On my dev drive (a windows partition) a snapshot is made every 15 minutes & replicated off-site. I can mount 3 weeks worth of individual 15 minute images. And of course I have that neat build step that saves my project every time I debug. It’s not perfect, but I can afford to lose 15 mins of work.
Even a sizable USB flash drive (there are tiny 64Gb or 128Gb ones the size of a penny, which can be left in the machine) can be used as a Time Machine on the Mac.
Did you save it again after you found out it’s missing some items? If you did not save it again, then what is the size of the damage project? It may still contain the data but the IDE fails to read it (and won’t tell you, probably).
In that case, I might be able to help. Open a private conversation with me and we’ll see, or email me at tempelmann@gmail.com
BTW, the first successful program I wrote was a backup program, as I already learned from my friends owning Apple ][s, while I could hardly afford a C-64. So my program would back up your work from a floppy disk. Little did I realize it could also be used to quickly copy “proctected” games.

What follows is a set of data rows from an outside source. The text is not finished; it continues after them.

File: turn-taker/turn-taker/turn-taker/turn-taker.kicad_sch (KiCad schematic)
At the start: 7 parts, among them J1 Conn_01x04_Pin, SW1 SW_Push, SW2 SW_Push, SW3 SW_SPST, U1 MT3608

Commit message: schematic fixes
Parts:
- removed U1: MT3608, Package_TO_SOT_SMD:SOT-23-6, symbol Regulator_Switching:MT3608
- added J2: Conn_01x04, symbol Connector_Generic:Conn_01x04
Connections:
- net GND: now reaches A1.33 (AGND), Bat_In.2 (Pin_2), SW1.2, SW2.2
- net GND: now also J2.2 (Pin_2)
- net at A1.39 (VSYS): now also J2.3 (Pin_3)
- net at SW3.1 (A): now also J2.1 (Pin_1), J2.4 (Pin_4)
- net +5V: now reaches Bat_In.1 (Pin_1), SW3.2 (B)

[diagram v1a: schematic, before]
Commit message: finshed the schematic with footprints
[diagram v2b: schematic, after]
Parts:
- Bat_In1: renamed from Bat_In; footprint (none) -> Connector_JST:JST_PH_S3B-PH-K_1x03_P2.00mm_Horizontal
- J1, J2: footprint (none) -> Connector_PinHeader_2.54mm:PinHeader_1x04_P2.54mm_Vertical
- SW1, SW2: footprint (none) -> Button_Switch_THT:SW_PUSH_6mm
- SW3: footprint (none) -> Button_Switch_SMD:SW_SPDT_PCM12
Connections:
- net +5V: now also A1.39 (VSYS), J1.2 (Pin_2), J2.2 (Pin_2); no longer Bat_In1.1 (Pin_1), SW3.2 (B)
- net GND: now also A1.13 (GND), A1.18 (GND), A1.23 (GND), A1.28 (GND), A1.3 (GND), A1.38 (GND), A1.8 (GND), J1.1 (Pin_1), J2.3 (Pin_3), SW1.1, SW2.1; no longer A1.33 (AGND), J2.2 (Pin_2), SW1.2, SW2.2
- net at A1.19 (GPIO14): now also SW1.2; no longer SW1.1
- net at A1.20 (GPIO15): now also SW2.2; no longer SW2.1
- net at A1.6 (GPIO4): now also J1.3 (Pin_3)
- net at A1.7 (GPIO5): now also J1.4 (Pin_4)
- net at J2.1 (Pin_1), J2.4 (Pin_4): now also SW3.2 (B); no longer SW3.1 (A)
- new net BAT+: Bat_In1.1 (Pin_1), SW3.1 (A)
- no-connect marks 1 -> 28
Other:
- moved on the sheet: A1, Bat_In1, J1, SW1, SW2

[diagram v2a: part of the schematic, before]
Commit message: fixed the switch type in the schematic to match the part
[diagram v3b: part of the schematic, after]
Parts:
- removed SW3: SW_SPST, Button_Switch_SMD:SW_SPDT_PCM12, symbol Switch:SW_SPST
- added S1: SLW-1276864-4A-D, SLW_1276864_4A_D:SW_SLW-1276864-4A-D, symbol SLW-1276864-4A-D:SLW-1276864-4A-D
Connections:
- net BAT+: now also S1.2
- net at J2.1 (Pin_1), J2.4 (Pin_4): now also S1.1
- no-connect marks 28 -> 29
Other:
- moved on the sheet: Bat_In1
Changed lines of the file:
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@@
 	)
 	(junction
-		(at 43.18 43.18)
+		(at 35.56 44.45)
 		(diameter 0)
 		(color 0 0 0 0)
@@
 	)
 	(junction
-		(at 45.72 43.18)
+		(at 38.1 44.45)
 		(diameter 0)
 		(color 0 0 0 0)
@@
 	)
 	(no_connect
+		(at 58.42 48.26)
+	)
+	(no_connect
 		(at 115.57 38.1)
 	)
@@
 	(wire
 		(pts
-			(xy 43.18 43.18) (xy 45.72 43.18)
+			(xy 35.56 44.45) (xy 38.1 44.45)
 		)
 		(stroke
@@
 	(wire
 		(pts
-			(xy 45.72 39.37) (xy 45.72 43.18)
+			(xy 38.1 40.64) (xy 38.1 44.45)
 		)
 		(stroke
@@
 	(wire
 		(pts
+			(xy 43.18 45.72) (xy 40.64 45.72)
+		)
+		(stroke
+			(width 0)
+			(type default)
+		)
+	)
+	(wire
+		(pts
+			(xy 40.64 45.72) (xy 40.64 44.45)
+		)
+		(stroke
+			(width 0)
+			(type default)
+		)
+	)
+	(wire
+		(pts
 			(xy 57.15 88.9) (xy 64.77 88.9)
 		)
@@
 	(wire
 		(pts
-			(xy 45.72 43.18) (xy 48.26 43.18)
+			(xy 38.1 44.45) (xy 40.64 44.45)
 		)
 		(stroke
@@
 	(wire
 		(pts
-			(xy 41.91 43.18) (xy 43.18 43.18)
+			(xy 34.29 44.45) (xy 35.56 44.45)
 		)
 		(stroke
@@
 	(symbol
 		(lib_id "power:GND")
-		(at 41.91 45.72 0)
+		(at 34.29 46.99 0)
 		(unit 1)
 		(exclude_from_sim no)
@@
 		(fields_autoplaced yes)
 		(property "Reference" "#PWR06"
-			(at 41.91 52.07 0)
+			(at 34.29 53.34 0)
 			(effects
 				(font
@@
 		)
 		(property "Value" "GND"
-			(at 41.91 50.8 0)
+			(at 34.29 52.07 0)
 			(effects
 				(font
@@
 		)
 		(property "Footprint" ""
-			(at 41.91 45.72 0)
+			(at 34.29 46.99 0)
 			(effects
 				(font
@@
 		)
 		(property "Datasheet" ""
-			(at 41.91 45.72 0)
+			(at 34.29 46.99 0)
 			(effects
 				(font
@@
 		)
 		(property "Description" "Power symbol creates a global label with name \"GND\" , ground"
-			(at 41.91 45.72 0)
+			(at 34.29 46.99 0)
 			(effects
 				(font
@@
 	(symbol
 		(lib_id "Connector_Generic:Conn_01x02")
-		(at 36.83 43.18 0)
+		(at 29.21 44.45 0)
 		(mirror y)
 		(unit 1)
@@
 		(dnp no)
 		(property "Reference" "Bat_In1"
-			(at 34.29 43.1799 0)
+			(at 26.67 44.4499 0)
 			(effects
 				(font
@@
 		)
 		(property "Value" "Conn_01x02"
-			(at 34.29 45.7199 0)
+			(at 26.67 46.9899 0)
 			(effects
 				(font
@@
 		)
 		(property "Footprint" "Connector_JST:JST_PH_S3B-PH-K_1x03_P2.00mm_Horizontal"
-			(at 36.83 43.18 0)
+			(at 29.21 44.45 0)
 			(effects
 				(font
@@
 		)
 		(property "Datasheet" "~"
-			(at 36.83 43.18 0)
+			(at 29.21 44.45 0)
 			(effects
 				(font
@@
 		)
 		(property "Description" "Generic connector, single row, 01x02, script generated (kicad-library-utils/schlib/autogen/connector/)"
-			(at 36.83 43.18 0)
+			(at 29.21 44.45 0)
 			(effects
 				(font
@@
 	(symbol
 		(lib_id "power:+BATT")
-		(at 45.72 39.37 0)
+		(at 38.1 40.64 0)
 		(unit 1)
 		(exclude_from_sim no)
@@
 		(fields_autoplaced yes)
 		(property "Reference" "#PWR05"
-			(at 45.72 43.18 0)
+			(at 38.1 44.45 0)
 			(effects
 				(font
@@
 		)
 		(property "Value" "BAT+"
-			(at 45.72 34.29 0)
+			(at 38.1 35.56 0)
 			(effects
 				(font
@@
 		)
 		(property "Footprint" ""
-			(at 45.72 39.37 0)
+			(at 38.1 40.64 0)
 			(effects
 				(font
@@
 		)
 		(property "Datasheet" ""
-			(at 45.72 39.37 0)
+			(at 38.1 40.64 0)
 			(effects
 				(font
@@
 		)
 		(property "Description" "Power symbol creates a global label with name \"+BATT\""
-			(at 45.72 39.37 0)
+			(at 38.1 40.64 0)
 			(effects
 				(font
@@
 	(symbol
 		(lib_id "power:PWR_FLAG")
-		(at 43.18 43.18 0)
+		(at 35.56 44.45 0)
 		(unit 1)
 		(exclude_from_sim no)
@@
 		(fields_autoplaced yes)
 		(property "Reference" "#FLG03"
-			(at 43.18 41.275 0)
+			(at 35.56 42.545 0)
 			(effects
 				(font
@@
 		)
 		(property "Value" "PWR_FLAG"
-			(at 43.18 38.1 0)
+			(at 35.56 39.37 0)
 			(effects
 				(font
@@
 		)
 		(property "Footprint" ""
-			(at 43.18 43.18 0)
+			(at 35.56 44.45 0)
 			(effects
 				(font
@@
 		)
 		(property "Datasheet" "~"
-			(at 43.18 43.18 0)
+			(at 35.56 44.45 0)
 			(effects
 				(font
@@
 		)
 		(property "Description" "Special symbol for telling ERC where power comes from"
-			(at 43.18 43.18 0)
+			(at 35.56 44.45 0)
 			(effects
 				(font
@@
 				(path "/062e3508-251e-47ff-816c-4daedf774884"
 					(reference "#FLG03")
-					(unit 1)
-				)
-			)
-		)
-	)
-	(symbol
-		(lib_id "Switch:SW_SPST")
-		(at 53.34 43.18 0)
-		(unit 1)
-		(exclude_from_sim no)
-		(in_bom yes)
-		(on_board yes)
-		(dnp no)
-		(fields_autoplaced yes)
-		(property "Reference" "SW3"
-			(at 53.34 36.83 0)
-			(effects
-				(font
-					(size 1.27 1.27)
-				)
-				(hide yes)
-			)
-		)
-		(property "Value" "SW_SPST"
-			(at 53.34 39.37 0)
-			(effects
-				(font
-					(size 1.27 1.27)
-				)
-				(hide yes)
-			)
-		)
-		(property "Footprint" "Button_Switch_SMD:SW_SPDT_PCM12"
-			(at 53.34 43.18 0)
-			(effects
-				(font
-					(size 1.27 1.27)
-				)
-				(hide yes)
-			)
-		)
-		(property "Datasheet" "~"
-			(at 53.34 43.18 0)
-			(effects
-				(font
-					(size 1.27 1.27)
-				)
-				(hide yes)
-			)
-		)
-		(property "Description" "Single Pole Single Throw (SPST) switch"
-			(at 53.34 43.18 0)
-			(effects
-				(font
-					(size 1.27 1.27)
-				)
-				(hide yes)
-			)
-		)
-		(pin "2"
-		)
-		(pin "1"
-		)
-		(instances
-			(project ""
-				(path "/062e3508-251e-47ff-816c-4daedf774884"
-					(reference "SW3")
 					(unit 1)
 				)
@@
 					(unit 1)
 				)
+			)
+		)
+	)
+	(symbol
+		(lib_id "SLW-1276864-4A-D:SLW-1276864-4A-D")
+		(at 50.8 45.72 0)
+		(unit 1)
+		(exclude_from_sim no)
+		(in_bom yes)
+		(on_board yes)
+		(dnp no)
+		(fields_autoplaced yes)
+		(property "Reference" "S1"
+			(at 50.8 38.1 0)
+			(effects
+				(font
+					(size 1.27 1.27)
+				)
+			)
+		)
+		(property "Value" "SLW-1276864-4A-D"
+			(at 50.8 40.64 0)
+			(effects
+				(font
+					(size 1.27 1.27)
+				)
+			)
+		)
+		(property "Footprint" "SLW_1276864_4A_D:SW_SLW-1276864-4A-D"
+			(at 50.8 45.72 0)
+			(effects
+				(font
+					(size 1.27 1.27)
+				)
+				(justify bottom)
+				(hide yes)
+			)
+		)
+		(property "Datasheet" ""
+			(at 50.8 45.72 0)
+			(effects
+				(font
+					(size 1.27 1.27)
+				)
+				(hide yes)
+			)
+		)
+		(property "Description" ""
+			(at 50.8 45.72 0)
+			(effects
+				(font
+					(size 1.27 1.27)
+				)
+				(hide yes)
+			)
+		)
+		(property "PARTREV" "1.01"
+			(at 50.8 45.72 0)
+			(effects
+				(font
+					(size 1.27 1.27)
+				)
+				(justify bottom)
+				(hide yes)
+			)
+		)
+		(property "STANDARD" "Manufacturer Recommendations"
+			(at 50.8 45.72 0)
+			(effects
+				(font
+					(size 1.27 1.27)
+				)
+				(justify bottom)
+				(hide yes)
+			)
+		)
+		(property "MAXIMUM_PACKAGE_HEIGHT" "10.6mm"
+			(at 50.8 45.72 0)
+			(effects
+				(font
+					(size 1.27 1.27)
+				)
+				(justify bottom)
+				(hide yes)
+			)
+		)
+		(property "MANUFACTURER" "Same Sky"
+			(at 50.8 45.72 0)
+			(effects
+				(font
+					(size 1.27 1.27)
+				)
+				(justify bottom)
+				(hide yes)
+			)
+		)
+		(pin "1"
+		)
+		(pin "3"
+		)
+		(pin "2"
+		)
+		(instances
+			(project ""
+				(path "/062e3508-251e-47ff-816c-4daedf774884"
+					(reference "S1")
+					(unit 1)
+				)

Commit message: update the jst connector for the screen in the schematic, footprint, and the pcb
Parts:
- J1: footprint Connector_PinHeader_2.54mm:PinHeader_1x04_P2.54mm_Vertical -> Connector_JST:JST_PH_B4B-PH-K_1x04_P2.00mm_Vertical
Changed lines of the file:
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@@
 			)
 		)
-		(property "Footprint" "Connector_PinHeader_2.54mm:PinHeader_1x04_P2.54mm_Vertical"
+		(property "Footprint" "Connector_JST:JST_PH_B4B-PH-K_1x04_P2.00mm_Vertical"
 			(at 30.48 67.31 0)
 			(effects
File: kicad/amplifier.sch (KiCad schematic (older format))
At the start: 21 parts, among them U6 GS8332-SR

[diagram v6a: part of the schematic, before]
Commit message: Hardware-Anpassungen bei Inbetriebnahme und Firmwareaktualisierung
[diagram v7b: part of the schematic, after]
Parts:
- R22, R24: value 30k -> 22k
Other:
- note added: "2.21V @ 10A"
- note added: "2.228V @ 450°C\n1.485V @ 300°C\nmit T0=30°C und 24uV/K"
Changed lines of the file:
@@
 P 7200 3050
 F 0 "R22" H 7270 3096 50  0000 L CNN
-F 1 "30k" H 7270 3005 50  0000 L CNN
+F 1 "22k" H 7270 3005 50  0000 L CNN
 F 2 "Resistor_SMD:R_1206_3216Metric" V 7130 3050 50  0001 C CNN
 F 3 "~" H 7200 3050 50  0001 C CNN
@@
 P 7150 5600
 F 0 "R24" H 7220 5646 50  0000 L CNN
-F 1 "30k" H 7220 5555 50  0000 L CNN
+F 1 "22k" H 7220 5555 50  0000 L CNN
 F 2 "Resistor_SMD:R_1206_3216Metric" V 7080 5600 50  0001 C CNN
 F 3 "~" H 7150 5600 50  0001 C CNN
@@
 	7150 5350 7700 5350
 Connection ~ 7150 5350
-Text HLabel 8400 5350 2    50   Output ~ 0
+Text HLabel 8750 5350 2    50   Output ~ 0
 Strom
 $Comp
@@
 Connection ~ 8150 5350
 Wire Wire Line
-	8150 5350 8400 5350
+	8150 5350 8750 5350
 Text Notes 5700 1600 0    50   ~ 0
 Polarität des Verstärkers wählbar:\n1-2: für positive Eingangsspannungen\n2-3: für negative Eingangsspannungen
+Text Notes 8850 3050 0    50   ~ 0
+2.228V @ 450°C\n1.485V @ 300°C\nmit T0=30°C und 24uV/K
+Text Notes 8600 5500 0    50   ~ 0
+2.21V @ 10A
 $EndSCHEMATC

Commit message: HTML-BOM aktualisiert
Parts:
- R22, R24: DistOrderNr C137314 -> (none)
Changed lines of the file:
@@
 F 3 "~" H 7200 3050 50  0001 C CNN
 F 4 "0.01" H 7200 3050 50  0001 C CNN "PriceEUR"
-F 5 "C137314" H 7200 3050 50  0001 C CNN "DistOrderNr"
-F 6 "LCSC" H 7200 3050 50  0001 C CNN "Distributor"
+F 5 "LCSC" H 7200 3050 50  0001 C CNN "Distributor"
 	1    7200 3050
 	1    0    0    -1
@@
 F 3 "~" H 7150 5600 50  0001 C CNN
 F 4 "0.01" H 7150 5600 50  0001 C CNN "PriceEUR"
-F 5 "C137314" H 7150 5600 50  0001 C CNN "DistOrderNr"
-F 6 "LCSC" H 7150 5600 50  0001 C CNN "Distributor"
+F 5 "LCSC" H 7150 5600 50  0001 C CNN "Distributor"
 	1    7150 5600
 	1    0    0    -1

Boy, was that program popular!
On Windows I use TortoiseHG for the source control, my backup service is CrashPlan, which has 2 lists in it, one for a backup to the Cloud and the other for a backup to an external Drive. And I manually make a copy to a Cloud drive just as a precaution. Rewriting code because it wasn’t backed up just isn’t in the budget.
I recommend you to use SpiderOak ONE. You can yet 2GB for free (enough for my projects).
It’s especially useful if you have several devices on which you develop. I just put all my code in SpiderOak’s sync folder. Yes, that works just like Dropbox. But Dropbox syncing is always realtime. So if you edit you files a lot during developing, then Dropbox is constantly syncing. Not very efficient for CPU and battery. Where SpiderOak shines is that you can change the syncing process from realtime to schedule-based, like eg. every 5 or 10 minutes (longer intervals are possible). Works great for developing purposes.
Also, it’s good to know that SpiderOak keeps deleted files and unlimited file versions (!). If I made a mistake I can always revert to a previous version.
Yes, I really like SpiderOak. And no I’m not affiliated with them ;).